Sensitivity and specificity for CA125, HE4, RMI AND ROMA at standard cut off values
| Sensitivity (%) | Specificity (%) | Positive Predictive Value | Negative Predictive Value | |
|---|---|---|---|---|
| All malignant Cases (n=30) | ||||
| CA125[4] | 86.6 | 45.7 | 40.6 | 88.8 |
| HE4[§] | 56.6 | 92.8 | 77.2 | 83.3 |
| CA125 AND HE4 | 50.0 | 95.7 | 83.3 | 81.7 |
| RMI[€] | 60.0 | 81.4 | 58.0 | 82.6 |
| ROMA[¶] | 56.6 | 84.2 | 60.7 | 81.9 |
| Epithelial ovarian cancer (n=11) | ||||
| CA125 | 90.9 | 45.71 | 20.8 | 96.96 |
| HE4 | 81.8 | 92.8 | 64.2 | 97.0 |
| CA125 AND HE4 | 72.7 | 95.7 | 72.7 | 95.7 |
| RMI | 72.7 | 81.4 | 38.0 | 95 |
| ROMA | 81.8 | 84.2 | 69.2 | 96.7 |
| Borderline Tumours and Epithelial Ovarian Cancer (n=19) | ||||
| CA125 | 89.4 | 45.71 | 30.9 | 94.11 |
| HE4 | 63.15 | 92.8 | 70.5 | 90.2 |
| CA125 AND HE4 | 52.6 | 95.7 | 76.9 | 88.1 |
| RMI | 68.4 | 81.4 | 50.0 | 90.4 |
| ROMA | 63.1 | 84.2 | 52.1 | 89.3 |
The sensitivity of CA125 was found be higher than HE4 for malignancies in general and for EOC with and without including borderline tumours. The sensitivity of HE4 was found to be highest when only EOC were compared, reduced when borderline was included and was least for malignancy in general. This proves that HE4 is a marker specific for epithelial ovarian cancers. ROC AUC observed in our study were highest for ROMA. No statistical difference was found for the 4 markers when comparing malignancies in general and when EOC were compared with or without including borderline tumours. Statistically significant difference was obtained only when endometriosis was compared with malignant epithelial ovarian cancers in case of HE4 and ROMA.
Conclusion
HE4 is not superior to CA125 for diagnosing ovarian cancer in premenopausal women.
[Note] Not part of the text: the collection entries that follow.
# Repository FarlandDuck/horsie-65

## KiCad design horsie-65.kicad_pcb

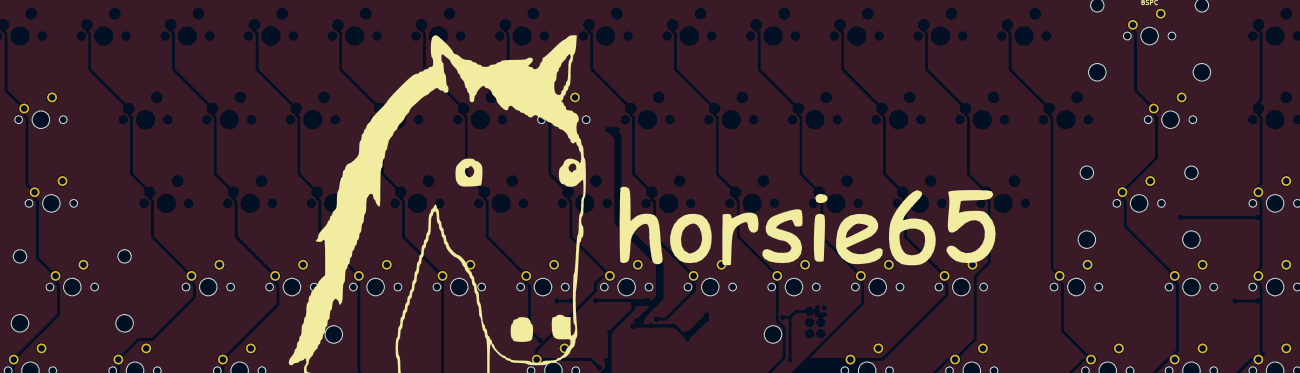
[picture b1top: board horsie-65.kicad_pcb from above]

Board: 2 copper layers, 31 parts (0 on the bottom side), 8 nets, no tracks yet.

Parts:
SW14: BSPC; MXOnly-2U-NoLED
SW16: TAB; MXOnly-1.5U-NoLED
SW22: Y; MXOnly-1U-NoLED
SW29: \|; MXOnly-1.5U-NoLED
SW31: CAPS; MXOnly-1.75U-NoLED
SW42: '; MXOnly-1U-NoLED
SW43: ENTR; MXOnly-2.25U-NoLED
SW44: PGUP; MXOnly-1U-NoLED
SW45: LSHF; MXOnly-2.25U-NoLED
SW46: Z; MXOnly-1U-NoLED
SW47: X; MXOnly-1U-NoLED
SW48: C; MXOnly-1U-NoLED
SW49: V; MXOnly-1U-NoLED
SW50: B; MXOnly-1U-NoLED
SW51: N; MXOnly-1U-NoLED
SW52: M; MXOnly-1U-NoLED
SW53: ,<; MXOnly-1U-NoLED
SW54: .>; MXOnly-1U-NoLED
SW55: /?; MXOnly-1U-NoLED
SW56: RSHF; MXOnly-1.75U-NoLED
SW57: UARW; MXOnly-1U-NoLED
SW58: PGDN; MXOnly-1U-NoLED
SW59: LCTR; MXOnly-1.25U-NoLED
SW60: WNDW; MXOnly-1.25U-NoLED
SW61: LALT; MXOnly-1.25U-NoLED
SW62: SPCB; MXOnly-6.25U-NoLED
SW63: RALT; MXOnly-1.25U-NoLED
SW64: FNKY; MXOnly-1.25U-NoLED
SW65: LARW; MXOnly-1U-NoLED
SW66: DARW; MXOnly-1U-NoLED
SW67: RARW; MXOnly-1U-NoLED

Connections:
col0: SW16.1, SW31.1, SW45.1, SW59.1
col1: SW46.1, SW60.1
col2: SW47.1, SW61.1
col6: SW22.1, SW51.1, SW62.1
col10: SW55.1, SW63.1
col12: SW56.1, SW65.1
col13: SW14.1, SW29.1, SW43.1, SW57.1, SW66.1
col14: SW44.1, SW58.1, SW67.1

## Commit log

2022-05-10 Added submodules
2022-05-11 Schema
2022-05-12 flipped switches
2022-05-12 more pcb
2022-05-12 more routing
2022-05-12 aesthetics 1
2022-05-12 pre ground fill
2022-05-12 isolate clock
2022-05-12 minor stuff
2022-05-12 ground fill fix
2022-05-12 bruhhh
2022-05-12 ground fill
2022-05-12 flip spcb
2022-05-12 minor fixes
2022-05-12 feedback fixes
2022-05-12 pre ground fill again
2022-05-12 ground fills
2022-05-12 logos
2022-05-12 sheeesh
2022-05-13 pre manu
2022-05-13 post purchase

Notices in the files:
horsie-65.kicad_pcb:
v1.0.0 - © Horsierer 2022

HE4 is more specific for epithelial ovarian cancer and it cannot be used as primary marker in general population. In suspicious adnexal masses with raised CA125 and lower levels of HE4 can reliably exclude epithelial ovarian malignancy. Study concludes that HE4 can be used in series or as part of diagnostic algorithm (ROMA) along with CA125 to get higher diagnostic accuracy. ROMA is more reliable than HE4, CA125 or RMI in diagnosing ovarian malignancy in premenopausal women. Much larger study is required before HE4 and ROMA could be suggested as routine investigations for evaluation of suspected adnexal masses.